曖昧さを受け入れるための過程
旧Twitter上で腎機能の評価の曖昧さを話してもわかってもらえないという話1を見かけて、まだ駆け出しだった頃、自分もそれなりの確度で腎機能を予測できると信じていたことを思い出した。邦文の書籍には書いてないだけで、何かいいやり方──CG式やJSN eGFRとは別の計算式の存在、クレアチニンの値を補正する等──があるんじゃないかと思い、PubMedであったり、医中誌であったりを探索していた。
そうやって探索で見つけた論文や記事を読んでいくうちに、また、病棟での業務で色々な経験を積んでいくうちに、そんなものは幻であり、自然とその曖昧さを受け入れていくようになった。
こういう実体験があるせいか、言葉だけでその曖昧さを他人に受けて入れてもらうことは難しいと感じていて2、自分のように自分で調べてみたり、実際に経験3していく過程で、この曖昧さをわかってもらうしかないのかなと思っている。

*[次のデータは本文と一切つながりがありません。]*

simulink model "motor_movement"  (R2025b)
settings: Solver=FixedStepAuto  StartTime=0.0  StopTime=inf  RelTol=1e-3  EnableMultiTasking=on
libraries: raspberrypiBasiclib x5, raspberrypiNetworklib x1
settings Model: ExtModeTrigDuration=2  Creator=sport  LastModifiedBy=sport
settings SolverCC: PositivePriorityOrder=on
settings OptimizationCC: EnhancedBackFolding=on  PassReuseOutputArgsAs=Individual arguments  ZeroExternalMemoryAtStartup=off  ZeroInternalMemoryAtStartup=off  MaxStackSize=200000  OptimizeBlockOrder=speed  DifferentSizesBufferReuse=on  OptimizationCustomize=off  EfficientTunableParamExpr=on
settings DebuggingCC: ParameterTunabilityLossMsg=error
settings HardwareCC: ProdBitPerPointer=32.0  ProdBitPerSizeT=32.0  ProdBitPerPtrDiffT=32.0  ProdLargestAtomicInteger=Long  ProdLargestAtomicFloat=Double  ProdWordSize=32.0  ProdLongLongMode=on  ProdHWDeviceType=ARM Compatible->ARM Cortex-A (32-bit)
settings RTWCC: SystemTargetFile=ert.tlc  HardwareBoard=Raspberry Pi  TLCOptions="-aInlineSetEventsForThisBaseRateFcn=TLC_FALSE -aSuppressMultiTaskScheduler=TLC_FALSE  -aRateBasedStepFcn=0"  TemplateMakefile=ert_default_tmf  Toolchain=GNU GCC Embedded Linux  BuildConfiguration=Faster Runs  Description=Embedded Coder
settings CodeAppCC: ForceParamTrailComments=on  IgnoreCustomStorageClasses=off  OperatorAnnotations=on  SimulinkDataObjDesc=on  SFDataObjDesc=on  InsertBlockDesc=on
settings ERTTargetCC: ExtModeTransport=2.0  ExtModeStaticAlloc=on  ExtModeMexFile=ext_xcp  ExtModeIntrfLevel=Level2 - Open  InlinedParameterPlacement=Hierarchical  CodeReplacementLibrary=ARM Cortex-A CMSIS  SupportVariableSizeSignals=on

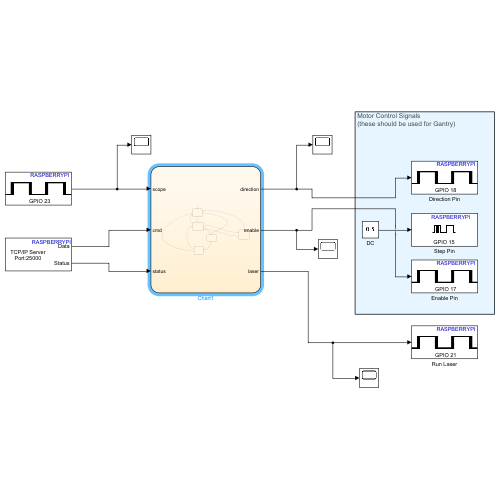
[thumbnail: Simulink's stored preview of the top-level diagram]
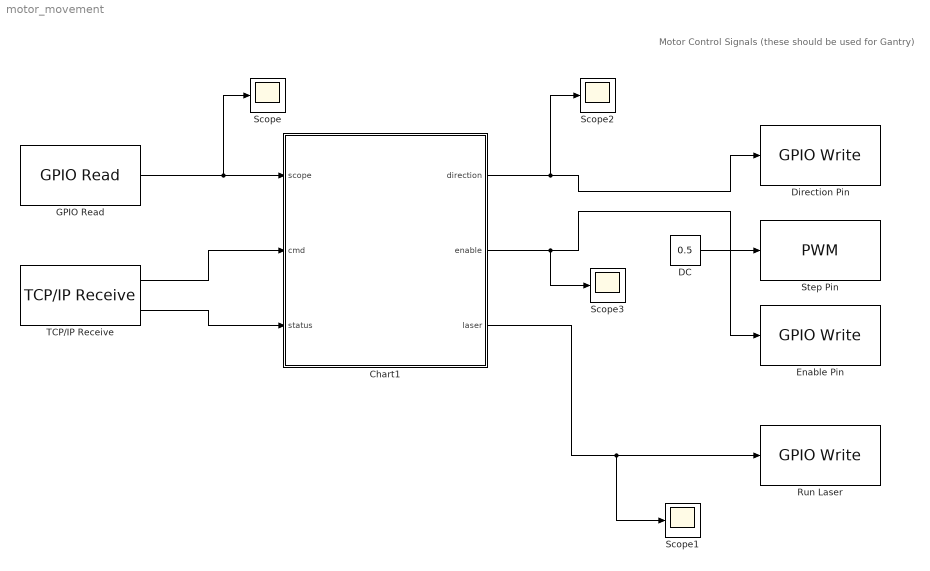
== system motor_movement ==
  note: Motor Control Signals
      | (these should be used for Gantry)
  Chart1 : Stateflow chart  TreatAsAtomicUnit=on
  DC : Constant  Value=0.5  VectorParams1D=off  SampleTime=-1
  Direction Pin : raspberrypiBasiclib/GPIO Write  BoardProperty=Pi 3 Model B+  gpio=18  blockPlatform=Raspberry Pi  PinNumber=17  board=[]  direction=[]
  Enable Pin : raspberrypiBasiclib/GPIO Write  BoardProperty=Pi 3 Model B+  gpio=17  blockPlatform=Raspberry Pi  PinNumber=17  board=[]  direction=[]
  GPIO Read : raspberrypiBasiclib/GPIO Read  BoardProperty=Pi 3 Model B+  gpio=23  SampleTime=-1  blockPlatform=Raspberry Pi  PinNumber=4  board=[]  direction=[]  internalResistor=[]
  Run Laser : raspberrypiBasiclib/GPIO Write  BoardProperty=Pi 3 Model B+  gpio=21  blockPlatform=Raspberry Pi  PinNumber=17  board=[]  direction=[]
  Scope{,1..3} (4 alike) : Scope
      Scope settings: ActiveDisplayYMinimum=-31.209230355781681  ActiveDisplayYMaximum=27.412853381835138
      Scope1 settings: ActiveDisplayYMinimum=-2.7680411559203213  ActiveDisplayYMaximum=2.76410690507973
      Scope2 settings: ActiveDisplayYMinimum=-112.80842815268726  ActiveDisplayYMaximum=89.7594706605618  DataLoggingVariableName=ScopeData2
      Scope3 settings: ActiveDisplayYMinimum=-641.555542250552  ActiveDisplayYMaximum=526.55309017332115  DataLoggingVariableName=ScopeData3
  Step Pin : raspberrypiBasiclib/PWM  board=Pi 3 Model B+  Pin_=15  Frequency=1000  blockPlatform=Raspberry Pi
  TCP/IP Receive : raspberrypiNetworklib/TCP//IP Receive  Mode_=Server  LocalServerPort_=25000  RemoteAddr_=127.0.0.1  RemoteServerPort_=25000  DataType_=uint8  DataSize_=1  SampleTime_=0.01  SimulateUsing=Code generation  ClientPortBindingSelection_=off  ClientPortToBind_=35000  BlockingMode_=off  BlockTimeout_=0.1  BlockPlatform=RASPBERRYPI
  wires:
  TCP/IP Receive/1 -> Chart1/2(cmd)
  DC/1 -> Step Pin/1
  GPIO Read/1 -> Chart1/1(scope), Scope/1
  Chart1/1(direction) -> Scope2/1, Direction Pin/1
  Chart1/2(enable) -> Scope3/1, Enable Pin/1
  TCP/IP Receive/2 -> Chart1/3(status)
  Chart1/3(laser) -> Scope1/1, Run Laser/1

== stateflow chart motor_movement/Chart1 ==
  state Start
    en:
    n=0;
    enable = 1;
    direction = 1;
    laser = 0;
  state Forward
    en:
    enable=0;
    direction=1;
    laser = 0;
    du:
    n = n + 1;
  state Home
    en:
    enable = 0;
    direction = 0;
    laser = 0;
    du:
    n = n - 1;
  state Shoot
    en:
    enable=1;
    laser = 1;
    ex:
    laser = 0;
  state Off
    en:
    enable=1;
    direction=0,
  state Backward
    en:
    enable = 0;
    direction = 0;
    laser = 0;
    du:
    n = n - 1
  (default) -> Start
  Home -> Start [order 1] : [status == 1 && cmd == 0]
  Shoot -> Start [order 2] : [status == 1 && cmd == 0]
  Home -> Start [order 2] : [n <=0]
  Backward -> Start [order 2] : [status == 1 && cmd == 0]
  Off -> Start [order 2] : [status == 1 && cmd == 0]
  Forward -> Start [order 2] : [status == 1 && cmd == 0]
  Start -> Forward : [scope == 1 && cmd == 1 && status == 1]
  Forward -> Home [order 4] : [status == 1 && cmd == 3]
  Backward -> Forward [order 1] : [after(8, sec)]
  Forward -> Shoot [order 3] : [status == 1 && cmd == 2]
  Shoot -> Forward [order 1] : [after(2, sec)]
  Forward -> Off [order 1] : [scope==0]
  Off -> Backward [order 1] : [after(2, sec)]
  data: direction output; enable output; scope input; cmd input; status input; laser output; n local =0

そういう過程にいるところを見守りつつ、推算式の落とし穴にハマりそうになった4ときにはそれを回避するための助言をする、みたいなことが先輩としてできる数少ないことなのかな。もちろん、どうせ話しても受け入れられないだろうからといって、教えるべきではないということではない。話をすることで、落とし穴にハマる確率は下がるだろうし、こういう過程を経るためのとっかかりにはなると思うので。